Mascot generic format (MGF) files were generated from the raw MS/MS data. Mascot (version 2.6) uses the MGF file for database searching and protein identification. The SwissProt database was searched with homo sapiens taxonomy selected. The parameters used for the Mascot searches were: trypsin digest, two missed cleavages, carbamidomethylation of cysteine as fixed modification, oxidation of methionine as variable modifications, and the maximum allowed mass deviation at 11 ppm. For the final Scaffold data file, the Scaffold viewer program (http://www.proteomesoftware.com/products/scaffold/) was used to perform proteomics quantification. The expression degree was determined by label free quantification (LFQ). Based on the quantification result, statistical overrepresentation test of the upregulated proteins was performed via PANTHER (http://www.pantherdb.org/). The information on proteins were referred from UniProt database (https://www.uniprot.org/).

2.8. Validation of effect of MAL2 on GCPN transport

2.8.1. Colocalization between GCPN and MAL2 in SK-BR-3 cells

SK-BR-3 cells were seeded on glass slides in 24-well plate and treated with 200 μg/mL of GCPN for 1 h. Then MAL2 was stained with primary antibody at 4 °C overnight and CFL488 labeled secondary antibody at 37 °C for 2 h after the cells were fixed with 4% paraformaldehyde, permeabilization with 0.1% TritonX-100 and blocking with 1% BSA. The samples were observed by confocal laser scanning microscopy. Fifteen areas were selected randomly to calculate the average Pearson’s coefficient. Cells with no NPs added were used as negative control. In the meantime, ACTB was stained as the control protein.

2.8.2. Effect of MAL2 on the endocytosis of GCPN on SK-BR-3 cells

To study the effect of MAL2 on the uptake of GCPN, MAL2 was knocked down in SK-BR-3 cells with the same methods described above. The expression of MAL2 was evaluated by qPCR. The oligonucleotide primer sequences were shown in Table S1. For endocytosis study, the cells were treated with GCPN for 0.5 h and harvested. The intracellular fluorescence intensity was measured by flow cytometry.

2.9. Statistical analysis

The results are expressed as mean ± SD unless otherwise stated. All results were analyzed by analysis of variance (ANOVA) or t test unless specifically clarified.
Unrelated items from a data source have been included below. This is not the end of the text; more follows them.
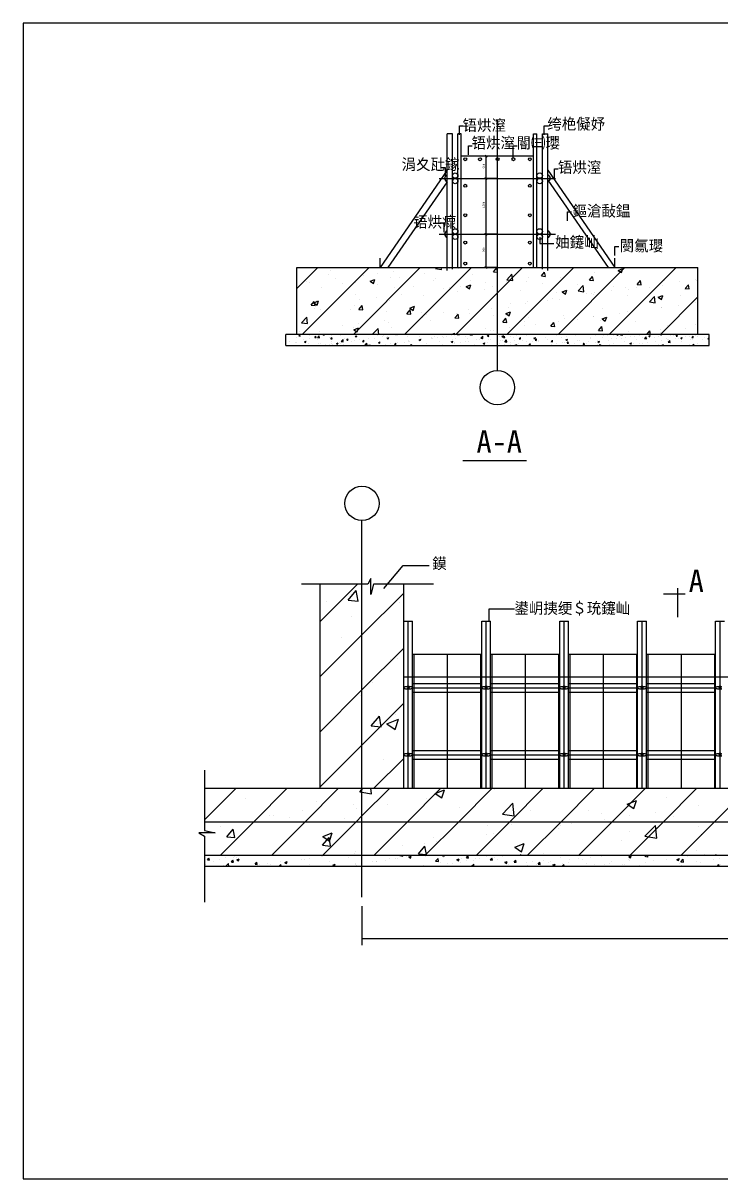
# Model space of a CAD drawing. Header units: metres. Extents: x 0 to 440, y 0 to 311.
# Drawn here: x 0 to 188.2, y 0 to 311.2 of the extents above; entities that cross this region are included whole.
import ezdxf

# ---------------------------------------------------------------- set-up
doc = ezdxf.new("R2010")
doc.units = ezdxf.units.M
for name, color, linetype in [(' ', 7, 'Continuous'), ('1461', 7, 'Continuous'), ('1588', 7, 'Continuous'), ('1861', 7, 'Continuous'), ('2140', 7, 'Continuous')]:
    doc.layers.add(name, color=color, linetype=linetype)

msp = doc.modelspace()

# ---------------------------------------------------------------- linework, layer by layer
at = {"layer": ' '}
for p, q in [((117.52, 281.14), (117.52, 283.56)), ((117.52, 283.56), (118.55, 283.56)), ((140.33, 283.56), (141.36, 283.56)), ((140.33, 281.14), (140.33, 283.56)), ((114.24, 244.63), (114.24, 281.39)), ((115.68, 281.39), (114.24, 281.39)), ((115.68, 244.92), (115.68, 281.39)), ((117.12, 245.39), (117.12, 281.39)), ((118.02, 281.39), (117.12, 281.39)), ((118.02, 245.39), (118.02, 281.39)), ((137.52, 245.39), (137.52, 281.39)), ((137.52, 281.39), (138.42, 281.39)), ((138.42, 245.39), (138.42, 281.39)), ((139.86, 244.92), (139.86, 281.39)), ((139.86, 281.39), (141.3, 281.39)), ((141.3, 244.63), (141.3, 281.39)), ((119.95, 278.15), (120.98, 278.15)), ((119.95, 275.73), (119.95, 278.15)), ((132.03, 274.97), (132.03, 278.15)), ((132.03, 278.15), (133.06, 278.15)), ((114.24, 271.59), (96.14, 245.39)), ((113.78, 272.28), (112.74, 272.28)), ((113.78, 269.85), (113.78, 272.28)), ((141.3, 271.59), (159.4, 245.39)), ((143.13, 271.99), (144.16, 271.99)), ((143.13, 269.57), (143.13, 271.99)), ((114.24, 268.52), (98.26, 245.39)), ((112.11, 269.39), (143.43, 269.39)), ((113.47, 269.58), (113.47, 269.2)), ((141.3, 268.95), (157.57, 245.39)), ((142.07, 269.58), (142.07, 269.2)), ((146.68, 260.42), (147.72, 260.42)), ((146.68, 258), (146.68, 260.42)), ((113.4, 257.35), (112.37, 257.35)), ((113.4, 254.92), (113.4, 257.35)), ((112.11, 254.39), (143.43, 254.39)), ((113.47, 254.58), (113.47, 254.2)), ((139.15, 253.6), (139.15, 251.85)), ((142.07, 254.58), (142.07, 254.2)), ((139.15, 251.85), (143, 251.85)), ((159.4, 251.06), (160.43, 251.06)), ((159.4, 248.63), (159.4, 251.06)), ((96.14, 245.39), (96.14, 247.96)), ((159.4, 245.39), (159.4, 247.96)), ((73.77, 239.78), (79.38, 245.39)), ((75.17, 227.39), (93.17, 245.39)), ((82.18, 243.65), (82.18, 243.65)), ((82.71, 244.53), (82.71, 244.53)), ((88.96, 227.39), (106.96, 245.39)), ((91.78, 243.24), (91.78, 243.24)), ((95.39, 243.87), (95.39, 243.87)), ((99.9, 244.46), (99.9, 244.46)), ((101.39, 242.84), (101.39, 242.84)), ((102.75, 227.39), (120.75, 245.39)), ((106.72, 245.36), (106.72, 245.36)), ((108.08, 243.9), (108.08, 243.9)), ((111.06, 245.1), (111.34, 245.39)), ((111.06, 245.1), (112.66, 244.85)), ((112.66, 244.85), (112.6, 245.39)), ((113.79, 245.38), (113.8, 245.39)), ((113.79, 245.38), (114.86, 245.29)), ((114.87, 245.29), (114.85, 245.39)), ((117.17, 245.06), (117.17, 245.06)), ((121.08, 243.64), (121.08, 243.64)), ((126.7, 244.26), (127.57, 245.29)), ((126.7, 244.26), (127.77, 244.16)), ((127.77, 244.22), (127.57, 245.29)), ((127.77, 238.63), (134.53, 245.39)), ((127.78, 244.17), (127.77, 244.22)), ((127.77, 244.16), (127.78, 244.16)), ((130.27, 242.12), (131.67, 243.58)), ((130.32, 227.39), (148.32, 245.39)), ((131.87, 241.87), (131.67, 243.58)), ((139.61, 243.13), (140.48, 244.16)), ((139.61, 243.13), (140.69, 243.03)), ((140.69, 243.04), (140.48, 244.16)), ((140.55, 243.34), (140.55, 243.34)), ((144.11, 227.39), (162.11, 245.39)), ((144.63, 242.83), (144.63, 242.83)), ((147.36, 244.24), (147.36, 244.24)), ((152.52, 242), (153.39, 243.03)), ((153.6, 241.91), (153.39, 243.03)), ((153.98, 244.18), (153.98, 244.18)), ((157.9, 227.39), (175.9, 245.39)), ((160.31, 244.64), (161.57, 245.13)), ((160.31, 244.64), (161.2, 244.04)), ((161.2, 244.04), (161.57, 245.13)), ((76.36, 241.64), (76.36, 241.64)), ((77.21, 241.48), (77.21, 241.48)), ((80.39, 240.13), (80.39, 240.13)), ((84.02, 242.37), (84.02, 242.37)), ((85.97, 241.23), (85.97, 241.23)), ((89.49, 241.29), (89.49, 241.29)), ((93.45, 241.72), (94.71, 242.2)), ((93.45, 241.72), (94.34, 241.12)), ((94.34, 241.12), (94.71, 242.21)), ((95.58, 240.82), (95.58, 240.82)), ((98.83, 242.64), (98.83, 242.64)), ((100.08, 240.04), (100.08, 240.04)), ((105.19, 240.42), (105.19, 240.42)), ((110.58, 241.84), (110.58, 241.84)), ((111, 242.43), (111, 242.43)), ((113.35, 239.76), (113.35, 239.76)), ((114.8, 240.01), (114.8, 240.01)), ((117.85, 240.35), (117.85, 240.35)), ((119.31, 240.28), (120.58, 240.76)), ((119.31, 240.28), (120.21, 239.67)), ((120.21, 239.68), (120.58, 240.77)), ((120.61, 242.02), (120.61, 242.02)), ((124.67, 241.25), (124.67, 241.25)), ((126.3, 240.41), (126.3, 240.41)), ((130.22, 241.62), (130.22, 241.62)), ((130.27, 242.12), (131.87, 241.87)), ((135.54, 241.68), (135.54, 241.68)), ((136.04, 242.74), (136.04, 242.74)), ((139.83, 241.21), (139.83, 241.21)), ((149.44, 240.81), (149.44, 240.81)), ((149.48, 239.14), (150.88, 240.6)), ((151.08, 238.89), (150.88, 240.6)), ((152.52, 242), (153.6, 241.9)), ((159.05, 240.4), (159.05, 240.4)), ((162.32, 240.11), (162.32, 240.11)), ((165.32, 240.12), (165.32, 240.12)), ((165.43, 240.87), (166.3, 241.9)), ((165.43, 240.87), (166.51, 240.77)), ((166.51, 240.78), (166.3, 241.9)), ((168.66, 239.99), (168.66, 239.99)), ((172.1, 240.61), (172.1, 240.61)), ((172.82, 241.91), (172.82, 241.91)), ((176.69, 241.62), (176.69, 241.62)), ((178.34, 239.74), (179.21, 240.77)), ((178.34, 239.74), (179.42, 239.64)), ((179.42, 239.65), (179.21, 240.78)), ((181.19, 242.21), (181.19, 242.21)), ((181.44, 241.96), (181.44, 241.96)), ((89.58, 238.23), (89.58, 238.23)), ((90.66, 236.77), (90.66, 236.77)), ((95.16, 237.36), (95.16, 237.36)), ((98.62, 236.64), (98.62, 236.64)), ((101.98, 238.26), (101.98, 238.26)), ((107.86, 237.91), (107.86, 237.91)), ((116.53, 227.39), (127.77, 238.63)), ((116.95, 239.06), (116.95, 239.06)), ((124.41, 239.61), (124.41, 239.61)), ((134.02, 239.2), (134.02, 239.2)), ((142.63, 237.14), (142.63, 237.14)), ((143.62, 238.79), (143.62, 238.79)), ((144.41, 236.84), (144.41, 236.84)), ((145.18, 238.84), (146.44, 239.32)), ((145.18, 238.84), (146.08, 238.23)), ((146.08, 238.24), (146.45, 239.32)), ((149.48, 239.14), (151.08, 238.89)), ((151.83, 238.31), (151.83, 238.31)), ((153.23, 238.39), (153.23, 238.39)), ((153.76, 238.19), (153.76, 238.19)), ((153.99, 238.63), (153.99, 238.63)), ((158.5, 239.23), (158.5, 239.23)), ((162.84, 237.98), (162.84, 237.98)), ((163, 239.46), (163, 239.46)), ((168.69, 236.16), (170.09, 237.62)), ((170.29, 235.92), (170.09, 237.62)), ((171.05, 237.4), (172.31, 237.88)), ((171.05, 237.4), (171.95, 236.79)), ((171.69, 227.39), (181.77, 237.47)), ((171.95, 236.8), (172.31, 237.88)), ((172.45, 237.58), (172.45, 237.58)), ((177.13, 237.96), (177.13, 237.96)), ((178.26, 239.59), (178.26, 239.59)), ((77.55, 235.23), (78.42, 236.27)), ((77.55, 235.23), (78.63, 235.14)), ((78.32, 235.91), (79.58, 236.4)), ((78.32, 235.91), (79.22, 235.31)), ((78.63, 235.14), (78.42, 236.27)), ((78.59, 234.5), (78.59, 234.5)), ((79.09, 236.43), (79.09, 236.43)), ((79.22, 235.31), (79.58, 236.4)), ((79.29, 235.27), (79.29, 235.27)), ((80.17, 234.14), (80.17, 234.14)), ((88.2, 234.09), (88.2, 234.09)), ((89.27, 235.29), (89.27, 235.29)), ((90.46, 234.1), (91.33, 235.14)), ((90.46, 234.1), (91.54, 234.01)), ((91.54, 234.01), (91.33, 235.14)), ((97.81, 233.69), (97.81, 233.69)), ((103.38, 232.97), (104.24, 234.01)), ((104.19, 234.47), (105.45, 234.96)), ((104.19, 234.47), (105.09, 233.87)), ((104.45, 232.88), (104.25, 234.01)), ((105.09, 233.87), (105.45, 234.96)), ((119.94, 234.15), (119.94, 234.15)), ((126.08, 234.42), (126.08, 234.42)), ((130.06, 233.03), (131.32, 233.51)), ((130.83, 234.7), (130.83, 234.7)), ((130.96, 232.43), (131.32, 233.52)), ((131.3, 235.65), (131.3, 235.65)), ((135.32, 235.69), (135.32, 235.69)), ((135.81, 236.24), (135.81, 236.24)), ((141.33, 236.5), (141.33, 236.5)), ((156.14, 234.35), (156.14, 234.35)), ((162.79, 233.47), (162.79, 233.47)), ((166.64, 236.16), (166.64, 236.16)), ((168.69, 236.16), (170.29, 235.91)), ((171.88, 234.62), (171.88, 234.62)), ((171.95, 234.52), (171.95, 234.52)), ((176.46, 235.11), (176.46, 235.11)), ((181.23, 235.97), (181.23, 235.97)), ((75.03, 230.54), (76.43, 232.01)), ((75.03, 230.54), (76.63, 230.3)), ((76.63, 230.3), (76.43, 232.01)), ((97.24, 231.16), (97.24, 231.16)), ((98.4, 230.65), (98.4, 230.65)), ((103.38, 232.97), (104.45, 232.88)), ((107.42, 233.28), (107.42, 233.28)), ((107.64, 231.92), (107.64, 231.92)), ((108.61, 232.66), (108.61, 232.66)), ((109.84, 231.1), (109.84, 231.1)), ((113.12, 233.25), (113.12, 233.25)), ((116.29, 231.85), (117.15, 232.88)), ((116.29, 231.85), (117.36, 231.75)), ((116.73, 233.07), (116.73, 233.07)), ((117.03, 232.87), (117.03, 232.87)), ((117.36, 231.76), (117.16, 232.88)), ((120.33, 232.9), (120.33, 232.9)), ((126.64, 232.47), (126.64, 232.47)), ((129.2, 230.72), (130.06, 231.75)), ((129.2, 230.72), (130.27, 230.62)), ((130.06, 233.03), (130.95, 232.43)), ((130.27, 230.63), (130.07, 231.75)), ((135.14, 230.75), (135.14, 230.75)), ((136.25, 232.06), (136.25, 232.06)), ((142.11, 229.59), (142.98, 230.62)), ((143.19, 229.5), (142.98, 230.62)), ((144.19, 230.85), (144.19, 230.85)), ((145.64, 232.55), (145.64, 232.55)), ((145.86, 231.66), (145.86, 231.66)), ((149.26, 231.53), (149.26, 231.53)), ((153.54, 232.2), (153.54, 232.2)), ((153.77, 232.13), (153.77, 232.13)), ((155.47, 231.25), (155.47, 231.25)), ((155.93, 231.59), (157.19, 232.07)), ((155.93, 231.59), (156.82, 230.99)), ((156.82, 230.99), (157.19, 232.08)), ((160.58, 233.02), (160.58, 233.02)), ((165.07, 230.84), (165.07, 230.84)), ((174.68, 230.44), (174.68, 230.44)), ((73.33, 227.33), (73.33, 227.33)), ((74.25, 226.97), (74.53, 227.31)), ((74.61, 226.94), (74.54, 227.32)), ((74.55, 228.17), (74.55, 228.17)), ((79.96, 228.15), (79.96, 228.15)), ((80.83, 227.36), (80.92, 227.39)), ((80.83, 227.36), (81.13, 227.16)), ((81.13, 227.16), (81.21, 227.39)), ((84.65, 227.27), (84.65, 227.27)), ((85.92, 229.67), (85.92, 229.67)), ((88.84, 227.49), (88.84, 227.49)), ((89.05, 229.3), (89.05, 229.3)), ((89.07, 228.67), (90.33, 229.15)), ((89.07, 228.67), (89.96, 228.06)), ((89.96, 228.07), (90.33, 229.16)), ((90.43, 230.26), (90.43, 230.26)), ((93.99, 227.37), (93.99, 227.37)), ((94.24, 227.56), (95.64, 229.03)), ((94.24, 227.56), (95.33, 227.39)), ((95.83, 227.39), (95.64, 229.03)), ((97.2, 227.23), (97.2, 227.23)), ((99.34, 229.3), (99.34, 229.3)), ((100.47, 227.2), (100.47, 227.2)), ((115.38, 227.39), (116.2, 227.71)), ((116.09, 227.39), (116.2, 227.71)), ((116.94, 227.39), (117.45, 227.31)), ((117.46, 227.32), (117.45, 227.39)), ((117.81, 227.32), (117.81, 227.32)), ((120.36, 227.37), (120.42, 227.39)), ((120.36, 227.37), (120.66, 227.17)), ((120.66, 227.17), (120.73, 227.39)), ((120.75, 227.34), (120.8, 227.39)), ((120.75, 227.34), (121.11, 227.31)), ((121.11, 227.31), (121.1, 227.39)), ((122.7, 227.33), (122.7, 227.33)), ((124.65, 228.95), (124.65, 228.95)), ((125.06, 226.96), (125.35, 227.31)), ((125.42, 226.94), (125.35, 227.31)), ((125.86, 228.43), (125.86, 228.43)), ((126.57, 228.55), (126.57, 228.55)), ((131.07, 229.14), (131.07, 229.14)), ((131.44, 227.26), (131.44, 227.26)), ((135.1, 229.7), (135.1, 229.7)), ((137.89, 230.04), (137.89, 230.04)), ((142.11, 229.59), (143.18, 229.49)), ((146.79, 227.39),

A p-value less than 0.05 was considered statistically significant, while a p-value less than 0.01 was considered to be highly significant.

3. RESULT AND DISSCUSSION

Currently, bile acid-mediated oral drug delivery mainly stays in targeting ASBT in ileal enterocytes, which has been confirmed an effective strategy. By contrast, studies on bile acid-mediated tumor-targeting are still rare. Some enterocyte-mimicking models, including Caco-2 cells or ASBT-transfected MDCK cells, demonstrated excellent properties as the targets for bile acid-modified drugs (Alam et al., 2014; Kim et al., 2018a). However, we discovered that the abundance of ASBT in SK-BR-3 cells were much higher than that in Caco-2 cells (Figure S1). This implies that bile acid-modified nanomedicines might be better as candidates for breast cancer treatment.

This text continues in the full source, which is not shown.